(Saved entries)

# # #

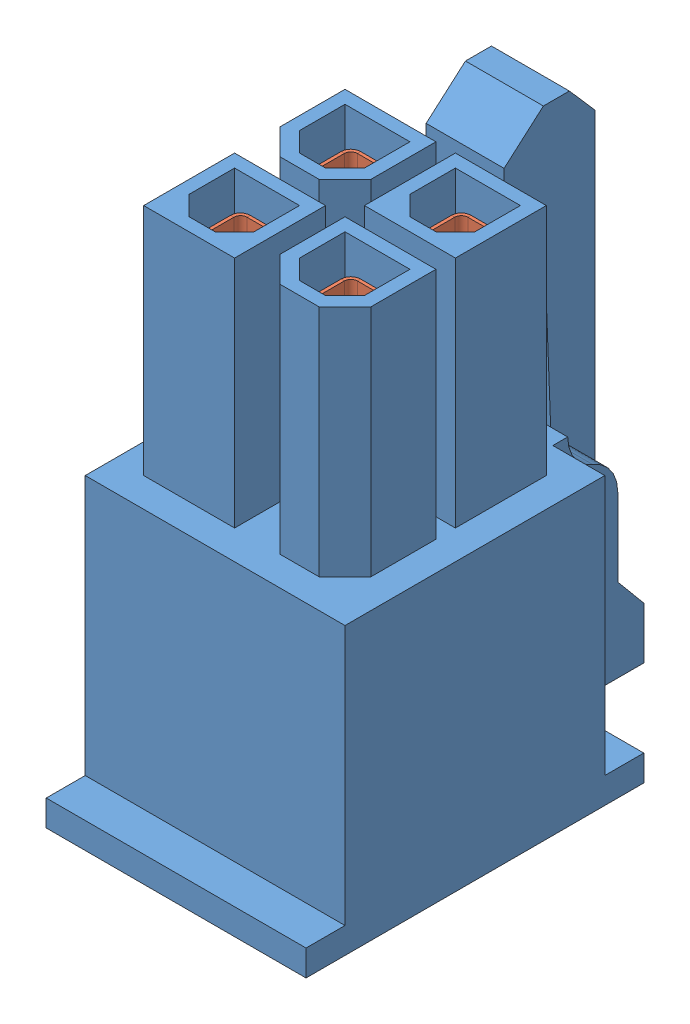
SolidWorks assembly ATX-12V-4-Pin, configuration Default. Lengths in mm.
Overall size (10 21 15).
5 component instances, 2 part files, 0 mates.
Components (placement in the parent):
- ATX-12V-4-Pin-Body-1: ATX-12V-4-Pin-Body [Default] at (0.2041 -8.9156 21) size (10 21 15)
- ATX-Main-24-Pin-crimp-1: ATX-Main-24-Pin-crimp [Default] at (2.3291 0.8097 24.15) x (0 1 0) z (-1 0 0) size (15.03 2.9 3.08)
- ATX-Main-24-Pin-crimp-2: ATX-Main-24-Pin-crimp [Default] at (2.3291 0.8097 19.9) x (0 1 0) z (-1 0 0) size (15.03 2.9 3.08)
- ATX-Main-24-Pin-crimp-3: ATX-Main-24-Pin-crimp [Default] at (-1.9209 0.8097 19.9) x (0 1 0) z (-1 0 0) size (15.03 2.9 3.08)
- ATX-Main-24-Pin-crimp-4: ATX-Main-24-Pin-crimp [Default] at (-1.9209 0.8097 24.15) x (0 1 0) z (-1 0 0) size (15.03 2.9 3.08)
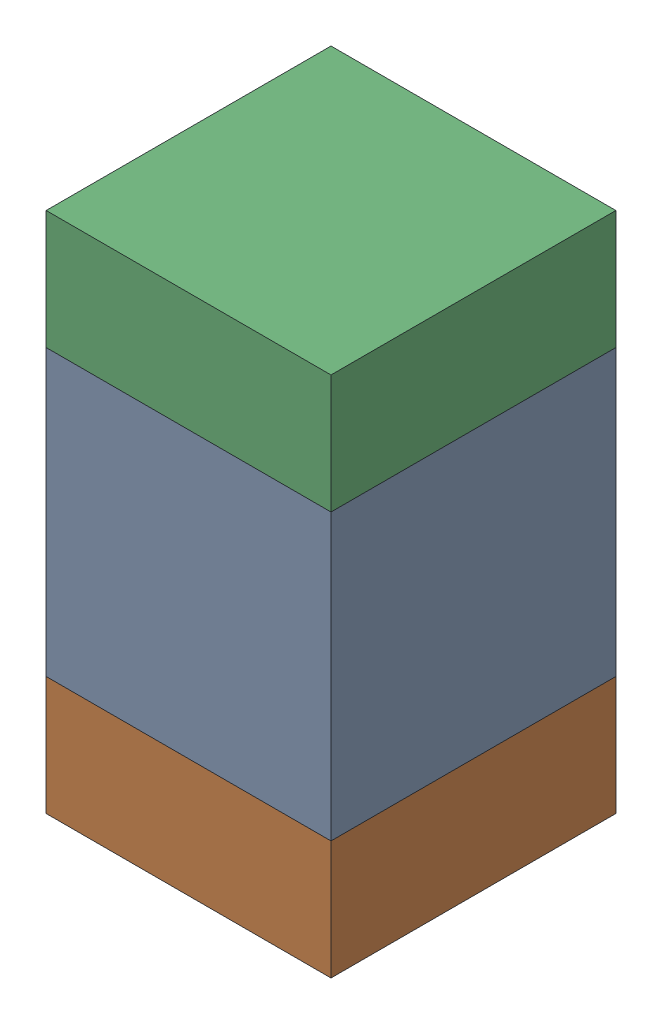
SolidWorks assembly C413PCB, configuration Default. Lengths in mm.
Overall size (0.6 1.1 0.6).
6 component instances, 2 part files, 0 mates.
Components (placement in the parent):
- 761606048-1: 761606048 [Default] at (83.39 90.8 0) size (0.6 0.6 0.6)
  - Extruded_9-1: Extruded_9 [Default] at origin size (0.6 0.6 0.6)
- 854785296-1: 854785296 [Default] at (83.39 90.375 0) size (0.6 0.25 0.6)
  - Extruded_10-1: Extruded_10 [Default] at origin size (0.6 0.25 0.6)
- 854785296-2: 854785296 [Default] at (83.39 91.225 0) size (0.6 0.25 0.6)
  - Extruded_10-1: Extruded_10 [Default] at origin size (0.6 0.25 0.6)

# # #

__Work order__
Starting at the line above that holds "- ATX-Main-24-Pin-crimp-1: ATX-Main-24-Pin-crimp", repeat every line exactly down to and including the line that holds "- 854785296-1: 854785296", then stop. Do not carry over any pictures.

__Solution below__
- ATX-Main-24-Pin-crimp-1: ATX-Main-24-Pin-crimp [Default] at (2.3291 0.8097 24.15) x (0 1 0) z (-1 0 0) size (15.03 2.9 3.08)
- ATX-Main-24-Pin-crimp-2: ATX-Main-24-Pin-crimp [Default] at (2.3291 0.8097 19.9) x (0 1 0) z (-1 0 0) size (15.03 2.9 3.08)
- ATX-Main-24-Pin-crimp-3: ATX-Main-24-Pin-crimp [Default] at (-1.9209 0.8097 19.9) x (0 1 0) z (-1 0 0) size (15.03 2.9 3.08)
- ATX-Main-24-Pin-crimp-4: ATX-Main-24-Pin-crimp [Default] at (-1.9209 0.8097 24.15) x (0 1 0) z (-1 0 0) size (15.03 2.9 3.08)
SolidWorks assembly C413PCB, configuration Default. Lengths in mm.
Overall size (0.6 1.1 0.6).
6 component instances, 2 part files, 0 mates.
Components (placement in the parent):
- 761606048-1: 761606048 [Default] at (83.39 90.8 0) size (0.6 0.6 0.6)
  - Extruded_9-1: Extruded_9 [Default] at origin size (0.6 0.6 0.6)
- 854785296-1: 854785296 [Default] at (83.39 90.375 0) size (0.6 0.25 0.6)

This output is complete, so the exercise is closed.